Provided entries:
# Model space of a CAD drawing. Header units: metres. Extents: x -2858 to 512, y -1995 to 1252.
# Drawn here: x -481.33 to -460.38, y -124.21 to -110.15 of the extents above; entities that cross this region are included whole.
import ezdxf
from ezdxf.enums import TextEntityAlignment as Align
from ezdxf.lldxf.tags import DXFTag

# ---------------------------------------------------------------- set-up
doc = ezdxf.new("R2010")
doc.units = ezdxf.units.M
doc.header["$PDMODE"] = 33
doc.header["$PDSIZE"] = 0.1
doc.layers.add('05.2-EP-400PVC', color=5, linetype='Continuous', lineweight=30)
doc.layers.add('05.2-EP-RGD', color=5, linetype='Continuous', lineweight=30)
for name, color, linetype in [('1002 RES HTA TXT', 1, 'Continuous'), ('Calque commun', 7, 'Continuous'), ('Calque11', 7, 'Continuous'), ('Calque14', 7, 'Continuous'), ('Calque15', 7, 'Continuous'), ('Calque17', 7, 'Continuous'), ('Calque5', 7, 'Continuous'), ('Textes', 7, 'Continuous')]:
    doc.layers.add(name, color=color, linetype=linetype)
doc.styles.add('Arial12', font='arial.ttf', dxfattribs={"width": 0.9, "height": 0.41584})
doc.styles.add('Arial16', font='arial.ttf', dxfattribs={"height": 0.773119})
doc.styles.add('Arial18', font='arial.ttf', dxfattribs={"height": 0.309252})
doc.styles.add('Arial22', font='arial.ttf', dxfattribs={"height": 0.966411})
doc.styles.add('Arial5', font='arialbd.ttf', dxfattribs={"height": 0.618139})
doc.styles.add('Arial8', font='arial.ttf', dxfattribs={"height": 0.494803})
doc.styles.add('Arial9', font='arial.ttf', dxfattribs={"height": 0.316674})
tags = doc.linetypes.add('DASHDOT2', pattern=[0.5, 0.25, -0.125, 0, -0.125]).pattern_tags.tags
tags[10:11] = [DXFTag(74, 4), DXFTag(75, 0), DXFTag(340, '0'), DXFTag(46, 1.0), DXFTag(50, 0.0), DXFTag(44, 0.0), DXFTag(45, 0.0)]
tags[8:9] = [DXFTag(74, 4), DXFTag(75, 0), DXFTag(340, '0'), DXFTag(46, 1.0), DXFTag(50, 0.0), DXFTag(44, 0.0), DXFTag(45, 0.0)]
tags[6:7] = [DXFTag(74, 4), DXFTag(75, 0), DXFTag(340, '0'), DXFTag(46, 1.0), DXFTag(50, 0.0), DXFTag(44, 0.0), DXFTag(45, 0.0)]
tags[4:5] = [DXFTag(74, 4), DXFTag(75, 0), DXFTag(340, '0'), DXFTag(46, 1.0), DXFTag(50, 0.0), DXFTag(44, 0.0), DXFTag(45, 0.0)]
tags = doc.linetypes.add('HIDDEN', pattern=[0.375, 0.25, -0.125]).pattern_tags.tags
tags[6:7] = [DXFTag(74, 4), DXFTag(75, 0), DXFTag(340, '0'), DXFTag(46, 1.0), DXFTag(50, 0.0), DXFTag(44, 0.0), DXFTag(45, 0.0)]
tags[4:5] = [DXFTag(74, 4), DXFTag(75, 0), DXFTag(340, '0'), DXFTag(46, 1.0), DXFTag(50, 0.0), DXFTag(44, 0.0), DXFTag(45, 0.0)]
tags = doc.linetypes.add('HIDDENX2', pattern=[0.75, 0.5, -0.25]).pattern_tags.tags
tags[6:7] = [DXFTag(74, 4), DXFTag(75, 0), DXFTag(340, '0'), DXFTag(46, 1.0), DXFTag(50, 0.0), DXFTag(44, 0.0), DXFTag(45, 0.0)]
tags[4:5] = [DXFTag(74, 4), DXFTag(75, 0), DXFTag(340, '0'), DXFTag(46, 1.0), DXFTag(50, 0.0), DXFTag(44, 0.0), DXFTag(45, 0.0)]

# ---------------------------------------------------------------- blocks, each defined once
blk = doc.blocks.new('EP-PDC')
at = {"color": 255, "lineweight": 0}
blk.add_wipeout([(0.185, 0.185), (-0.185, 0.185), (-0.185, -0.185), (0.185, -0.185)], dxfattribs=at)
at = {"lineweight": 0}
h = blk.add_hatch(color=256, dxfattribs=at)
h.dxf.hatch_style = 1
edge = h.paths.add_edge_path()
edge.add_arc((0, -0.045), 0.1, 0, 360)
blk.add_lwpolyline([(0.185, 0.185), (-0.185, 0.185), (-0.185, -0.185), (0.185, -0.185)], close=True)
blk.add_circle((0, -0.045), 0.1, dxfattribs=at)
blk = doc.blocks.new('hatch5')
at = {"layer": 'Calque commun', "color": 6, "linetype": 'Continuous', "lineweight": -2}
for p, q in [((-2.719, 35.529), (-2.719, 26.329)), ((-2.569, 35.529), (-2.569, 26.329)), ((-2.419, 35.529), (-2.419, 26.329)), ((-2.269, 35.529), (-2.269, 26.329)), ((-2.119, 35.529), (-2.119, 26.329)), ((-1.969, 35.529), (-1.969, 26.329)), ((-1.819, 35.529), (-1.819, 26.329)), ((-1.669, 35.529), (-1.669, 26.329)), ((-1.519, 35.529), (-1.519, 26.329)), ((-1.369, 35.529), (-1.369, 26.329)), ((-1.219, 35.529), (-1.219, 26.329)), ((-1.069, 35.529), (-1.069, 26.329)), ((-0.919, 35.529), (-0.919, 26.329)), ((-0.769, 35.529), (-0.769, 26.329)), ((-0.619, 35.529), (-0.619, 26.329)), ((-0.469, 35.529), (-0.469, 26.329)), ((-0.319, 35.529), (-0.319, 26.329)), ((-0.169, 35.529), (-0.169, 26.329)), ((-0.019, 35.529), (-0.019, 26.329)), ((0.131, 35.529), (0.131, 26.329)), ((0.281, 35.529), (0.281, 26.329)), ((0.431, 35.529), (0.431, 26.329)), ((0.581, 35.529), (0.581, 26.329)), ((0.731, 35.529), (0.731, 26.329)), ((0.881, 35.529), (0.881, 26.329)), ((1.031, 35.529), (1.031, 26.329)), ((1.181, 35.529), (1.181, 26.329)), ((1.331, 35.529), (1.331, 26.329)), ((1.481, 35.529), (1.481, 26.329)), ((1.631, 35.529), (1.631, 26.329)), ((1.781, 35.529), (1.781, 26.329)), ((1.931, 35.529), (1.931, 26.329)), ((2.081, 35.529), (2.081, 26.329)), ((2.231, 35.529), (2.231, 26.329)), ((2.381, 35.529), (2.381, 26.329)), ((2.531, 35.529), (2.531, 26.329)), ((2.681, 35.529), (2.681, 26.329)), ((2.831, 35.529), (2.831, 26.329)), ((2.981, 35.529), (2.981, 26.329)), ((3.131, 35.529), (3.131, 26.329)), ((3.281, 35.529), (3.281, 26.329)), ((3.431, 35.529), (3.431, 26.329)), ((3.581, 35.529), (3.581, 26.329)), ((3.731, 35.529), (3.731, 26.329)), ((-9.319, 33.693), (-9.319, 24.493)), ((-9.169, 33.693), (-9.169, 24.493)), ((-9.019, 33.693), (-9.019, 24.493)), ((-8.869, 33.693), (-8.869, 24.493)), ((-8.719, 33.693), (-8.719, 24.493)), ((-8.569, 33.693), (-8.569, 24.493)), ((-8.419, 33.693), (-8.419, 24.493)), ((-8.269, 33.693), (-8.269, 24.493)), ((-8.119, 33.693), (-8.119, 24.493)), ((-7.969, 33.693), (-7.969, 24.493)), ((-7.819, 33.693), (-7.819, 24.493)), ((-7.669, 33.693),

Try it:
Make a list of all lines in the data that contain "units".

Expected output:
# Model space of a CAD drawing. Header units: metres. Extents: x -2858 to 512, y -1995 to 1252.
doc.units = ezdxf.units.M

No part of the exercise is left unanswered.